= Beginning of Section =
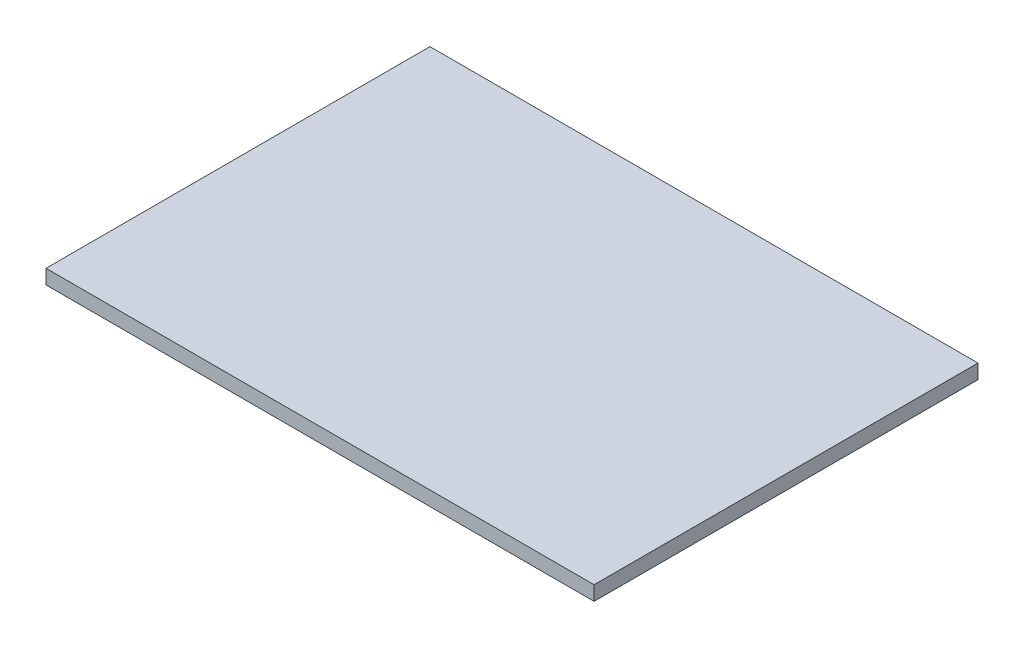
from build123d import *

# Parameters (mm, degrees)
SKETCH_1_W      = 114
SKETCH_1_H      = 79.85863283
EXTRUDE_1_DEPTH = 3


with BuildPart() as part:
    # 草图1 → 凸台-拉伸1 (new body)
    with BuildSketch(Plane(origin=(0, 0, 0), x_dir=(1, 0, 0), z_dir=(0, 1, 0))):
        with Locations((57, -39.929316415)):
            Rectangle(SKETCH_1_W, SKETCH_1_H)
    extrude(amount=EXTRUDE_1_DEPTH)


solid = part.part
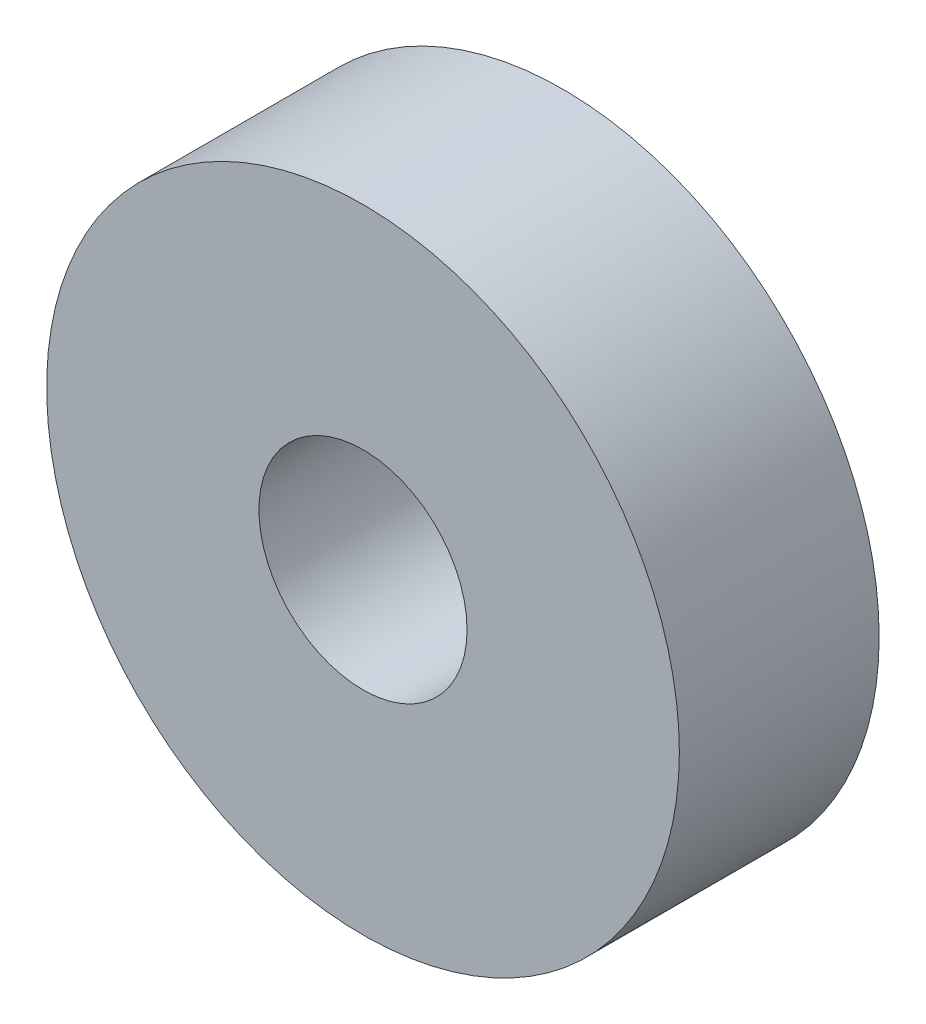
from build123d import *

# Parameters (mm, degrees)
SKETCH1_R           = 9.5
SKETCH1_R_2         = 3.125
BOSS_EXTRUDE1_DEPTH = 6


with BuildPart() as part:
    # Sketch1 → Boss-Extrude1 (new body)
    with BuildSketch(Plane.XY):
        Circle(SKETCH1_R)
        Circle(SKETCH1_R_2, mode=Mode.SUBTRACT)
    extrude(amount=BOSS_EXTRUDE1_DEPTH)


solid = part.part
= End of Section =
#### Task to complete:
Nothing but the listing, copied exactly and stripped of its images, should appear in the response.

#### Reply:
from build123d import *

# Parameters (mm, degrees)
SKETCH_1_W      = 114
SKETCH_1_H      = 79.85863283
EXTRUDE_1_DEPTH = 3


with BuildPart() as part:
    # 草图1 → 凸台-拉伸1 (new body)
    with BuildSketch(Plane(origin=(0, 0, 0), x_dir=(1, 0, 0), z_dir=(0, 1, 0))):
        with Locations((57, -39.929316415)):
            Rectangle(SKETCH_1_W, SKETCH_1_H)
    extrude(amount=EXTRUDE_1_DEPTH)


solid = part.part
from build123d import *

# Parameters (mm, degrees)
SKETCH1_R           = 9.5
SKETCH1_R_2         = 3.125
BOSS_EXTRUDE1_DEPTH = 6


with BuildPart() as part:
    # Sketch1 → Boss-Extrude1 (new body)
    with BuildSketch(Plane.XY):
        Circle(SKETCH1_R)
        Circle(SKETCH1_R_2, mode=Mode.SUBTRACT)
    extrude(amount=BOSS_EXTRUDE1_DEPTH)


solid = part.part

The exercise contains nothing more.